#### [EXERCISE REQUIREMENTS]
Please return the lines below verbatim, beginning at the one that has "#12064 = VERTEX_POINT ( 'NONE', #19716 ) ;" and stopping after the one that has "#19716 = CARTESIAN_POINT", and add no other lines.

#### [MATERIAL TO PROCESS]
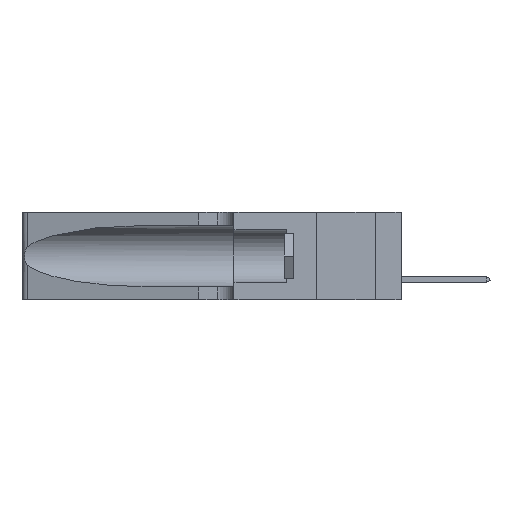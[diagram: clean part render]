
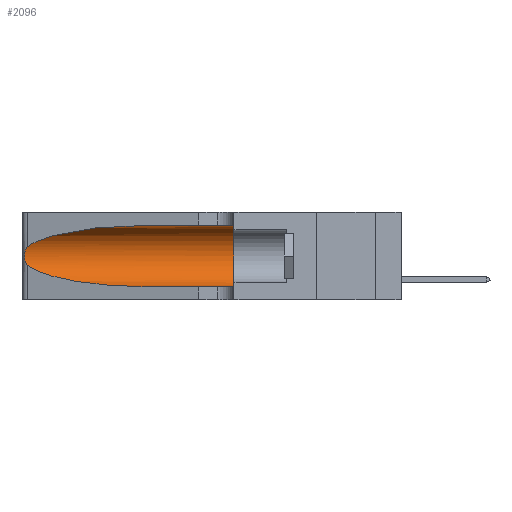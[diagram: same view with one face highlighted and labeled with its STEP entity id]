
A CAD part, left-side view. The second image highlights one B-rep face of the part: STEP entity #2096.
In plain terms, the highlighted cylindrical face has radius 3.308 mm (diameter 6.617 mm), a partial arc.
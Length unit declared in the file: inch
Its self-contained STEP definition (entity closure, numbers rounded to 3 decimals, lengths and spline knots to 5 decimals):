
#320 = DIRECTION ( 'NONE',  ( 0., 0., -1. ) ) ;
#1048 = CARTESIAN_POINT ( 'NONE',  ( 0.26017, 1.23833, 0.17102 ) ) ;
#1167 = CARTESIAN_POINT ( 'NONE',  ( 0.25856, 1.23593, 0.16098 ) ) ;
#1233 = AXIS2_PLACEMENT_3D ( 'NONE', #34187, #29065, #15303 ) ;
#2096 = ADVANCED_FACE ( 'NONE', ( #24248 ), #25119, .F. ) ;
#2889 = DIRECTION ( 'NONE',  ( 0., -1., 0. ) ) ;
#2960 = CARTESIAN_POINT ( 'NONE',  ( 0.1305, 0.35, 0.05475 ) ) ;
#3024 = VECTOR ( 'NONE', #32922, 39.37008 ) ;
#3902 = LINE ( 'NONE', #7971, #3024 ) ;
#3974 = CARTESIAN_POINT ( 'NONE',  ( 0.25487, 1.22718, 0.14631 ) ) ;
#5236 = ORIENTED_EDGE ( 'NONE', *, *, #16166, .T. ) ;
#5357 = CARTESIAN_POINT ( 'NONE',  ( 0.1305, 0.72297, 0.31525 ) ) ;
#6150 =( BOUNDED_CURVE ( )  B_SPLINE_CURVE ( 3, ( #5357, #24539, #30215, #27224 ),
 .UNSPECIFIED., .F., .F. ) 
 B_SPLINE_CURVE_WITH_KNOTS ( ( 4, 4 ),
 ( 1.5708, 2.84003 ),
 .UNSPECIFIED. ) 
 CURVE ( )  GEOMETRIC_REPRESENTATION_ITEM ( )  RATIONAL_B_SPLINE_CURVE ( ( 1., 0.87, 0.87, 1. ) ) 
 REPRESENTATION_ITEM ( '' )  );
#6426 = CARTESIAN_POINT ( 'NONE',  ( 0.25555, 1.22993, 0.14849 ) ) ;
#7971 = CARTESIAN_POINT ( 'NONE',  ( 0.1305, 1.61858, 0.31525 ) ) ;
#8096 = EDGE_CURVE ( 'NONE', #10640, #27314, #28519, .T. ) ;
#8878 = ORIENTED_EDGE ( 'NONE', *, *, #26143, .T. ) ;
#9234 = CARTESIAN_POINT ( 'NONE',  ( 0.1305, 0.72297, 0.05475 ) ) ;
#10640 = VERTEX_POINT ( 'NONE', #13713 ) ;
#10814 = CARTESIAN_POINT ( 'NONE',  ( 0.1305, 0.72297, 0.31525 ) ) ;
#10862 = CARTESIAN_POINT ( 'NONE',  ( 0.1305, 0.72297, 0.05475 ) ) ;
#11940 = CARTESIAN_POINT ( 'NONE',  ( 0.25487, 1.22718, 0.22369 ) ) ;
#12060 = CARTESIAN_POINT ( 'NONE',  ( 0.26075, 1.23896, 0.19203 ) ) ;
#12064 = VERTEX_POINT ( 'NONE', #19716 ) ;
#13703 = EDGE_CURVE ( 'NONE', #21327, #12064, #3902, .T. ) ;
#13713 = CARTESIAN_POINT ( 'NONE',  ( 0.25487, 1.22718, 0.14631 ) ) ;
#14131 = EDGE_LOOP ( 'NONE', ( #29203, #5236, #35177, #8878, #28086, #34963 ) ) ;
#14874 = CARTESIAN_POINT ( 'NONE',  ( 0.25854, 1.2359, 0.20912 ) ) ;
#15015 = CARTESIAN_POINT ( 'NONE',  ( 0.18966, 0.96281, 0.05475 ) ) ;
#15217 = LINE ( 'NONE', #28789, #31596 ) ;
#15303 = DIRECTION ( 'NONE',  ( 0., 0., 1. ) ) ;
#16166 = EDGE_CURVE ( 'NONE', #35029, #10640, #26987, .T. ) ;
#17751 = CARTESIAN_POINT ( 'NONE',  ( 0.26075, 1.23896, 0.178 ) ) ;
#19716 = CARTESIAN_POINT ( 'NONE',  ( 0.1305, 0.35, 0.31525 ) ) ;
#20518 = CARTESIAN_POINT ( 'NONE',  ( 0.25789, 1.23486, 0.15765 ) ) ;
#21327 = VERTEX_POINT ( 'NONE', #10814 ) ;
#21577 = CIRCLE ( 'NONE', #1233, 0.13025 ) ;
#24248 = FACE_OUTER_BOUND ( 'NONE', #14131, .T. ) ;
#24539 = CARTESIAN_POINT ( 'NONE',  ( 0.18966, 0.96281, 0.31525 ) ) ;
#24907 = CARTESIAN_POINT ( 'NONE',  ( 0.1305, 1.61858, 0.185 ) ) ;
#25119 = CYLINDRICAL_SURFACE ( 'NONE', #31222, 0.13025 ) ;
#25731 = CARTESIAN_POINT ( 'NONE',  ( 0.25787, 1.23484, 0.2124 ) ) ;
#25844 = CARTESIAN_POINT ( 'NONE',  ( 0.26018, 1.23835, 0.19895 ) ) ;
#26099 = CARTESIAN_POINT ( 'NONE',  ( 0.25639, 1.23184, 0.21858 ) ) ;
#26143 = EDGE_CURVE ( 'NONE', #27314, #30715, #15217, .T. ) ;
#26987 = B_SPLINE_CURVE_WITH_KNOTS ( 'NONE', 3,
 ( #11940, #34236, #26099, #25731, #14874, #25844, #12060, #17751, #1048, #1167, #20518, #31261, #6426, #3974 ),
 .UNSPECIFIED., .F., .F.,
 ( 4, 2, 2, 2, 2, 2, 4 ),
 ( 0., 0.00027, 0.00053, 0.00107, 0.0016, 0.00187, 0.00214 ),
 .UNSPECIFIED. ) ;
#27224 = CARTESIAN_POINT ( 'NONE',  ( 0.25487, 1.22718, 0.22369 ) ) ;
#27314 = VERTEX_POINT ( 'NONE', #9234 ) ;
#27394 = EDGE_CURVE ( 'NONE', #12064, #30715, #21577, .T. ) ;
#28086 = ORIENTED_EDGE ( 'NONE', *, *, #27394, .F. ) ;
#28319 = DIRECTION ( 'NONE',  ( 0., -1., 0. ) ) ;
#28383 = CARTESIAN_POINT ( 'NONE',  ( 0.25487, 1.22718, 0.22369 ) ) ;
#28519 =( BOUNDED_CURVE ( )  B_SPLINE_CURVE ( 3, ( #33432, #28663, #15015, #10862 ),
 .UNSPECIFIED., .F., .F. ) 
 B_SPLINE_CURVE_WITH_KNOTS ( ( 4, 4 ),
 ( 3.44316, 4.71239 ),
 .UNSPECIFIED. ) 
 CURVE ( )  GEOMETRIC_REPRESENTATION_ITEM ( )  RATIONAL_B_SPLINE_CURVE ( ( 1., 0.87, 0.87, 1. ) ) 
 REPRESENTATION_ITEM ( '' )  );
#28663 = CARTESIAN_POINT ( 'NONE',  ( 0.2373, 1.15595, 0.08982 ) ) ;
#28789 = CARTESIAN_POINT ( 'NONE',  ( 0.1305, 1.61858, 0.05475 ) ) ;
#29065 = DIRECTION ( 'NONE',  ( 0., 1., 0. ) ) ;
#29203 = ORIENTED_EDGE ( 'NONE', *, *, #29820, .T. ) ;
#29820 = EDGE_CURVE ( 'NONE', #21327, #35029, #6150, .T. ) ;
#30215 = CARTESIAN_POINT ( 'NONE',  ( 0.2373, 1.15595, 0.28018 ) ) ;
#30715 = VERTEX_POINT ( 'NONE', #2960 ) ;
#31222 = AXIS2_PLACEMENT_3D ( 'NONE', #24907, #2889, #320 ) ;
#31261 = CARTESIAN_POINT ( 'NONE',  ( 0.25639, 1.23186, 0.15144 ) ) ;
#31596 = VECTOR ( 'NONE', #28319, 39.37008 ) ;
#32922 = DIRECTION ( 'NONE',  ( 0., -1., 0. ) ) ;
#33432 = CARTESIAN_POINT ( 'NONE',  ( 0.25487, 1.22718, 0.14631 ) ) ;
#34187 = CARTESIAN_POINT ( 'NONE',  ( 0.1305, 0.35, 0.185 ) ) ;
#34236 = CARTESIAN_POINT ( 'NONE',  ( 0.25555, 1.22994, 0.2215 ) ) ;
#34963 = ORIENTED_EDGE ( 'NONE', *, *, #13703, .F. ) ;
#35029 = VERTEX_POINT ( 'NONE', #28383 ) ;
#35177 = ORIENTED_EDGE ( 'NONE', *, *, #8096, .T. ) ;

#### [COMPLETED TASK]
#12064 = VERTEX_POINT ( 'NONE', #19716 ) ;
#13703 = EDGE_CURVE ( 'NONE', #21327, #12064, #3902, .T. ) ;
#13713 = CARTESIAN_POINT ( 'NONE',  ( 0.25487, 1.22718, 0.14631 ) ) ;
#14131 = EDGE_LOOP ( 'NONE', ( #29203, #5236, #35177, #8878, #28086, #34963 ) ) ;
#14874 = CARTESIAN_POINT ( 'NONE',  ( 0.25854, 1.2359, 0.20912 ) ) ;
#15015 = CARTESIAN_POINT ( 'NONE',  ( 0.18966, 0.96281, 0.05475 ) ) ;
#15217 = LINE ( 'NONE', #28789, #31596 ) ;
#15303 = DIRECTION ( 'NONE',  ( 0., 0., 1. ) ) ;
#16166 = EDGE_CURVE ( 'NONE', #35029, #10640, #26987, .T. ) ;
#17751 = CARTESIAN_POINT ( 'NONE',  ( 0.26075, 1.23896, 0.178 ) ) ;
#19716 = CARTESIAN_POINT ( 'NONE',  ( 0.1305, 0.35, 0.31525 ) ) ;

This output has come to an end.